Dyscalculia is a Specific Learning Disorder (SLD) related to learning and remembering mathematics. It is identified through neuropsychological evaluations, a score below the 30th percentile on standardized math tests, or when students with average intelligence perform mathematics two grade levels below their peers (Landerl, et al., 2004). Many educators have never heard of dyscalculia, and this needs to change. Dyscalculia awareness should be incorporated into mathematics teacher training programs.

Understanding SLD’s is important for all educators, not just Special Education majors. More students than ever before are placed in general education classrooms staffed by teachers who do not understand their learning challenges (Conderman & Hedin, 2012). Currently, 70% of students with Specific Learning Disorders like dyscalculia, dyslexia, and dysgraphia are placed in general education classrooms, but many teachers feel unprepared, undertrained, and overwhelmed by their special education students (Conderman & Hedin, 2012). This is frustrating for teachers and students alike. Luckily, supporting students with dyscalculia is easy (although counter intuitive to many mathematics educators): properly addressing dyscalculia requires allowing the use of 1-100 charts, times tables lists, reference sheets, and calculators for students in all grades, and for all mathematics work.

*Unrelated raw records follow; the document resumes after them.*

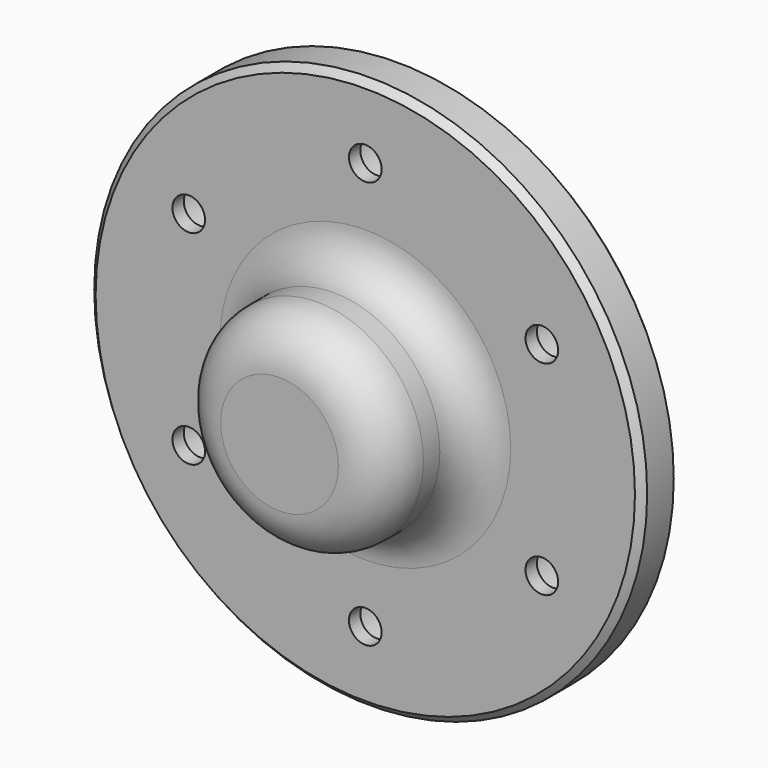
from build123d import *

# Parameters (mm, degrees)
F4_D            = 6.096
F4_CBORE_D      = 12.192
F4_CBORE_DEPTH  = 6.096
F4_COPIES_COUNT = 6
F5_R            = 7.3585229381
F6_R            = 8.8302275257
F7_SIZE         = 1.27


# Not quite as in the source:
# - a pattern or mirror of a feature is missing from the dataset's text; its kind, count and spacing are read off the source's solid


with BuildPart() as f2:
    # F1 (on Top) → F2 (revolve)
    with BuildSketch(Plane.XY):
        Polygon((0, 23.1950208545), (0, 0), (19.8225509375, 0), (19.8225509375, 20.0292905793), (51.67459324, 20.0292905793), (51.67459324, 28.776070103), (10.3429872543, 28.776070103), (10.3429872543, 23.1950208545), align=None)
    revolve(axis=Axis((0, 11.5975104272, 0), (0, -1, 0)))

    # F4 (through all)
    with Locations(Plane(origin=(0, 28.776070103, 0), x_dir=(-1, 0, 0), z_dir=(0, 1, 0))):
        with Locations((0, -38.1)):
            f4 = CounterBoreHole(F4_D / 2, F4_CBORE_D / 2, F4_CBORE_DEPTH)

    # F4_copies: F4 ×6 about axis
    f4_copies_axis = Axis((0, 0, 0), (0, 1, 0))
    for i in range(1, F4_COPIES_COUNT):
        add(f4.rotate(f4_copies_axis, i * 360 / F4_COPIES_COUNT), mode=Mode.SUBTRACT)

    # F5
    f5_edges = [f2.edges().sort_by_distance(p)[0] for p in [
        (-19.822551, 20.029291, 0),
    ]]
    fillet(f5_edges, radius=F5_R)

    # F6
    f6_edges = [f2.edges().sort_by_distance(p)[0] for p in [
        (-19.822551, 0, 0),
    ]]
    fillet(f6_edges, radius=F6_R)

    # F7
    f7_edges = [f2.edges().sort_by_distance(p)[0] for p in [
        (-51.674593, 20.029291, 0),
        (-51.674593, 28.77607, 0),
    ]]
    chamfer(f7_edges, length=F7_SIZE)


solid = f2.part

A 2017 survey conducted by Horowitz, Rawe, & Whittaker found that 30% of general education teachers attribute failure in mathematics to a lack of student effort rather than to learning disabilities. Of course, it is hard for educators to understand the challenges of a disability that isn’t fully understood by researchers. It is universally accepted that dyscalculia primarily affects the parietal lobe, where we store mathematics information in the brain. Many researchers, including Cherasaro, Reale, Haystead, and Marzano (2015), believe that dyscalculia deficiencies are due to coding issues that occur during mathematics instruction, specifically coding between Arabic numerals, written word form, and object representation . Others feel there may be an underlying core issue in mathematics comprehension (Butterworth, et al., 2011). In either case, people with dyscalculia do not develop automaticity, have trouble subitizing, and use immature methods of problem solving compared to their peers. For example, one indicator of dyscalculia is a reliance on finger counting long after other students have progressed to more advanced algorithms for computing (Piazzi, et al., 2010). We know that students with dyscalculia have persistent mathematical deficits and are resistant to traditional instructional methods and common interventions (Piazzi, et al., 2010). We know that dyscalculia affects 10% of the population– about 5 million K-12 students in the United States— the same rate as dyslexia.

**Dyscalculia versus Low Numeracy**

Dyscalculia is commonly misinterpreted as low numeracy. These issues share a similar presentation: poor mathematics performance. However, low numeracy is a temporary condition stemming from external issues, rather than a lifelong condition related to neurological or cognitive differences. While children with low numeracy struggle to perform operations, follow mathematical procedures, and learn basic arithmetic facts, they can permanently improve performance and retention through classroom interventions like extra practice (Geary, 2011). This happens because the mathematics-related deficits common to

low numeracy are not related to cognitive deficits, working memory, or processing speed (Ashcraft & Kirk, 2001). Rather, they are attributed to poor instruction or insufficient early exposure to numbers and mathematical concepts (Geary, 2011). Children with low numeracy demonstrate problems with number sense and mathematical operations, but do not experience task-specific difficulties in telling time, learning place value, or forgetting information over time, the way those with dyscalculia do (Ashcraft & Kirk, 2001). By examining student performance in these key areas, teachers can better identify temporary issues versus foundational differences.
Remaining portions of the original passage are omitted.